**WORK REQUIRED:**
The span to repeat in the listing below runs from the line containing "#110=EDGE_CURVE('E228',#109,#109,#107,.T.);" to the line containing "#125=FACE_BOUND('',#124,.T.);", inclusive. Repeat it exactly, and only it.

**INFORMATION PROVIDED:**

=======

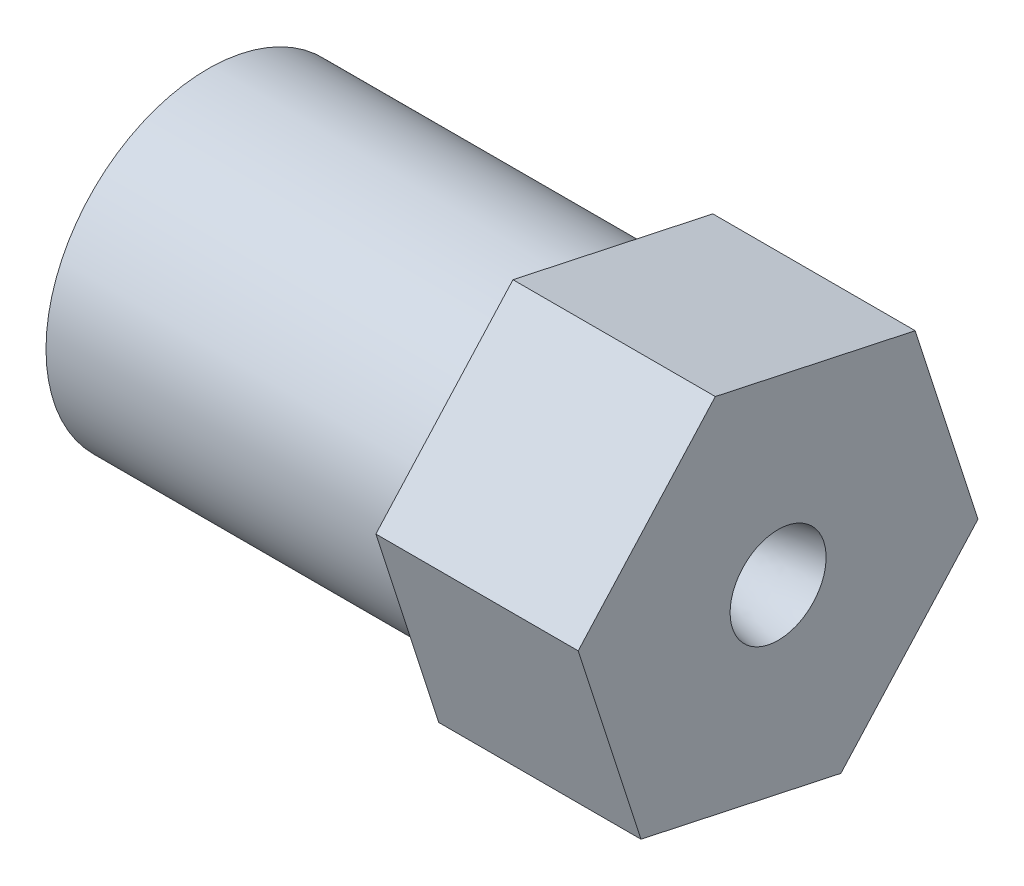
ISO-10303-21;
HEADER;
FILE_DESCRIPTION(('STEP AP214'),'2;1');
FILE_NAME('part.step','',(''),(''),'','','');
FILE_SCHEMA(('AUTOMOTIVE_DESIGN { 1 0 10303 214 1 1 1 1 }'));
ENDSEC;
DATA;
#1=APPLICATION_CONTEXT('core data for automotive mechanical design processes');
#2=APPLICATION_PROTOCOL_DEFINITION('international standard','automotive_design',2000,#1);
#3=PRODUCT_CONTEXT('',#1,'mechanical');
#4=PRODUCT('Part','Part','',(#3));
#5=PRODUCT_RELATED_PRODUCT_CATEGORY('part','',(#4));
#6=PRODUCT_DEFINITION_FORMATION('','',#4);
#7=PRODUCT_DEFINITION_CONTEXT('part definition',#1,'design');
#8=PRODUCT_DEFINITION('design','',#6,#7);
#9=PRODUCT_DEFINITION_SHAPE('','',#8);
#10=(LENGTH_UNIT() NAMED_UNIT(*) SI_UNIT(.MILLI.,.METRE.));
#11=(NAMED_UNIT(*) PLANE_ANGLE_UNIT() SI_UNIT($,.RADIAN.));
#12=(NAMED_UNIT(*) SI_UNIT($,.STERADIAN.) SOLID_ANGLE_UNIT());
#13=UNCERTAINTY_MEASURE_WITH_UNIT(LENGTH_MEASURE(1.E-05),#10,'distance_accuracy_value','');
#14=(GEOMETRIC_REPRESENTATION_CONTEXT(3) GLOBAL_UNCERTAINTY_ASSIGNED_CONTEXT((#13)) GLOBAL_UNIT_ASSIGNED_CONTEXT((#10,
#11,#12)) REPRESENTATION_CONTEXT('',''));
#15=CARTESIAN_POINT('',(0.,0.,0.));
#16=DIRECTION('',(0.,0.,1.));
#17=DIRECTION('',(1.,0.,0.));
#18=AXIS2_PLACEMENT_3D('',#15,#16,#17);
#19=CARTESIAN_POINT('',(0.,0.,0.));
#20=DIRECTION('',(-1.,0.,0.));
#21=DIRECTION('',(0.,0.,1.));
#22=AXIS2_PLACEMENT_3D('',#19,#20,#21);
#23=CYLINDRICAL_SURFACE('',#22,10.16);
#24=CARTESIAN_POINT('',(-9.29665282254042,0.,0.));
#25=DIRECTION('',(1.,0.,0.));
#26=DIRECTION('',(0.,0.,-1.));
#27=AXIS2_PLACEMENT_3D('',#24,#25,#26);
#28=CIRCLE('',#27,10.16);
#29=CARTESIAN_POINT('',(-9.29665282254042,0.,-10.16));
#30=VERTEX_POINT('',#29);
#31=EDGE_CURVE('E11',#30,#30,#28,.F.);
#32=ORIENTED_EDGE('',*,*,#31,.T.);
#33=EDGE_LOOP('',(#32));
#34=FACE_BOUND('',#33,.T.);
#35=CARTESIAN_POINT('',(-31.75,0.,0.));
#36=DIRECTION('',(-1.,0.,0.));
#37=DIRECTION('',(0.,0.,1.));
#38=AXIS2_PLACEMENT_3D('',#35,#36,#37);
#39=CIRCLE('',#38,10.16);
#40=CARTESIAN_POINT('',(-31.75,0.,10.16));
#41=VERTEX_POINT('',#40);
#42=EDGE_CURVE('E225',#41,#41,#39,.T.);
#43=ORIENTED_EDGE('',*,*,#42,.F.);
#44=EDGE_LOOP('',(#43));
#45=FACE_BOUND('',#44,.T.);
#46=ADVANCED_FACE('F37',(#34,#45),#23,.T.);
#47=CARTESIAN_POINT('',(0.,0.,0.));
#48=DIRECTION('',(-1.,0.,0.));
#49=DIRECTION('',(0.,0.,1.));
#50=AXIS2_PLACEMENT_3D('',#47,#48,#49);
#51=TOROIDAL_SURFACE('',#50,5.08,3.048);
#52=CARTESIAN_POINT('',(0.,0.,0.));
#53=DIRECTION('',(-1.,0.,0.));
#54=DIRECTION('',(0.,0.,1.));
#55=AXIS2_PLACEMENT_3D('',#52,#53,#54);
#56=CIRCLE('',#55,2.0319999999418);
#57=CARTESIAN_POINT('',(0.,0.,2.0319999999418));
#58=VERTEX_POINT('',#57);
#59=EDGE_CURVE('E177',#58,#58,#56,.T.);
#60=ORIENTED_EDGE('',*,*,#59,.F.);
#61=EDGE_LOOP('',(#60));
#62=FACE_BOUND('',#61,.T.);
#63=CARTESIAN_POINT('',(-2.15526146905657,0.,0.));
#64=DIRECTION('',(-1.,0.,0.));
#65=DIRECTION('',(0.,0.,1.));
#66=AXIS2_PLACEMENT_3D('',#63,#64,#65);
#67=CIRCLE('',#66,2.92473853094338);
#68=CARTESIAN_POINT('',(-2.15526146905657,0.,2.92473853094338));
#69=VERTEX_POINT('',#68);
#70=EDGE_CURVE('E142',#69,#69,#67,.T.);
#71=ORIENTED_EDGE('',*,*,#70,.T.);
#72=EDGE_LOOP('',(#71));
#73=FACE_BOUND('',#72,.T.);
#74=ADVANCED_FACE('F166',(#62,#73),#51,.T.);
#75=CARTESIAN_POINT('',(0.,0.,0.));
#76=DIRECTION('',(-1.,0.,0.));
#77=DIRECTION('',(0.,0.,1.));
#78=AXIS2_PLACEMENT_3D('',#75,#76,#77);
#79=TOROIDAL_SURFACE('',#78,2.8448,0.812800000058198);
#80=CARTESIAN_POINT('',(0.277993973659463,0.,0.));
#81=DIRECTION('',(-1.,0.,0.));
#82=DIRECTION('',(0.,0.,1.));
#83=AXIS2_PLACEMENT_3D('',#80,#81,#82);
#84=CIRCLE('',#83,2.08101783825132);
#85=CARTESIAN_POINT('',(0.277993973659463,0.,2.08101783825132));
#86=VERTEX_POINT('',#85);
#87=EDGE_CURVE('E231',#86,#86,#84,.T.);
#88=ORIENTED_EDGE('',*,*,#87,.F.);
#89=EDGE_LOOP('',(#88));
#90=FACE_BOUND('',#89,.T.);
#91=ORIENTED_EDGE('',*,*,#59,.T.);
#92=EDGE_LOOP('',(#91));
#93=FACE_BOUND('',#92,.T.);
#94=ADVANCED_FACE('F162',(#90,#93),#79,.T.);
#95=CARTESIAN_POINT('',(336362.672829223,-941749.791811561,0.));
#96=CARTESIAN_POINT('',(-342019.865333832,939694.701802969,0.));
#97=CARTESIAN_POINT('',(347678.16981433,-937631.287723025,0.));
#98=B_SPLINE_CURVE_WITH_KNOTS('',2,(#95,#96,#97),.UNSPECIFIED.,.F.,.F.,(3,3),(0.,1.),.UNSPECIFIED.);
#99=CARTESIAN_POINT('',(0.,0.,0.));
#100=DIRECTION('',(-1.,0.,0.));
#101=AXIS1_PLACEMENT('',#99,#100);
#102=SURFACE_OF_REVOLUTION('',#98,#101);
#103=CARTESIAN_POINT('',(4.03834717745957,0.,0.));
#104=DIRECTION('',(-1.,0.,0.));
#105=DIRECTION('',(0.,0.,1.));
#106=AXIS2_PLACEMENT_3D('',#103,#104,#105);
#107=CIRCLE('',#106,3.01394306515568);
#108=CARTESIAN_POINT('',(4.03834717745957,0.,3.01394306515568));
#109=VERTEX_POINT('',#108);
#110=EDGE_CURVE('E228',#109,#109,#107,.T.);
#111=ORIENTED_EDGE('',*,*,#110,.F.);
#112=EDGE_LOOP('',(#111));
#113=FACE_BOUND('',#112,.T.);
#114=ORIENTED_EDGE('',*,*,#87,.T.);
#115=EDGE_LOOP('',(#114));
#116=FACE_BOUND('',#115,.T.);
#117=ADVANCED_FACE('F157',(#113,#116),#102,.T.);
#118=CARTESIAN_POINT('',(4.03834717745957,10.16,0.));
#119=DIRECTION('',(-1.,0.,0.));
#120=DIRECTION('',(0.,0.,1.));
#121=AXIS2_PLACEMENT_3D('',#118,#119,#120);
#122=PLANE('',#121);
#123=ORIENTED_EDGE('',*,*,#110,.T.);
#124=EDGE_LOOP('',(#123));
#125=FACE_BOUND('',#124,.T.);
#126=DIRECTION('',(0.,-0.951681663898051,-0.307086324345838));
#127=VECTOR('',#126,1.);
#128=CARTESIAN_POINT('',(4.03834717745957,-3.41249677929312,10.5755624900671));
#129=LINE('',#128,#127);
#130=CARTESIAN_POINT('',(4.03834717745957,2.69330707117882,12.5457684242007));
#131=VERTEX_POINT('',#130);
#132=CARTESIAN_POINT('',(4.03834717745957,-9.51830062976507,8.60535655593348));
#133=VERTEX_POINT('',#132);
#134=EDGE_CURVE('E125',#131,#133,#129,.T.);
#135=ORIENTED_EDGE('',*,*,#134,.T.);
#136=DIRECTION('',(0.,-0.209896273910742,-0.977723659424475));
#137=VECTOR('',#136,1.);
#138=CARTESIAN_POINT('',(4.03834717745957,-10.8649541653545,2.33247234383312));
#139=LINE('',#138,#137);
#140=CARTESIAN_POINT('',(4.03834717745957,-12.2116077009439,-3.94041186826723));
#141=VERTEX_POINT('',#140);
#142=EDGE_CURVE('E128',#133,#141,#139,.T.);
#143=ORIENTED_EDGE('',*,*,#142,.T.);
#144=DIRECTION('',(0.,0.741785389987309,-0.670637335078637));
#145=VECTOR('',#144,1.);
#146=CARTESIAN_POINT('',(4.03834717745957,-7.45245738606136,-8.24309014623397));
#147=LINE('',#146,#145);
#148=CARTESIAN_POINT('',(4.03834717745957,-2.69330707117882,-12.5457684242007));
#149=VERTEX_POINT('',#148);
#150=EDGE_CURVE('E131',#141,#149,#147,.T.);
#151=ORIENTED_EDGE('',*,*,#150,.T.);
#152=DIRECTION('',(0.,0.951681663898051,0.307086324345838));
#153=VECTOR('',#152,1.);
#154=CARTESIAN_POINT('',(4.03834717745957,3.41249677929312,-10.5755624900671));
#155=LINE('',#154,#153);
#156=CARTESIAN_POINT('',(4.03834717745957,9.51830062976506,-8.60535655593348));
#157=VERTEX_POINT('',#156);
#158=EDGE_CURVE('E134',#149,#157,#155,.T.);
#159=ORIENTED_EDGE('',*,*,#158,.T.);
#160=DIRECTION('',(0.,0.209896273910742,0.977723659424475));
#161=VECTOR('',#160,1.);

=======

**ANSWER BOX:**
#110=EDGE_CURVE('E228',#109,#109,#107,.T.);
#111=ORIENTED_EDGE('',*,*,#110,.F.);
#112=EDGE_LOOP('',(#111));
#113=FACE_BOUND('',#112,.T.);
#114=ORIENTED_EDGE('',*,*,#87,.T.);
#115=EDGE_LOOP('',(#114));
#116=FACE_BOUND('',#115,.T.);
#117=ADVANCED_FACE('F157',(#113,#116),#102,.T.);
#118=CARTESIAN_POINT('',(4.03834717745957,10.16,0.));
#119=DIRECTION('',(-1.,0.,0.));
#120=DIRECTION('',(0.,0.,1.));
#121=AXIS2_PLACEMENT_3D('',#118,#119,#120);
#122=PLANE('',#121);
#123=ORIENTED_EDGE('',*,*,#110,.T.);
#124=EDGE_LOOP('',(#123));
#125=FACE_BOUND('',#124,.T.);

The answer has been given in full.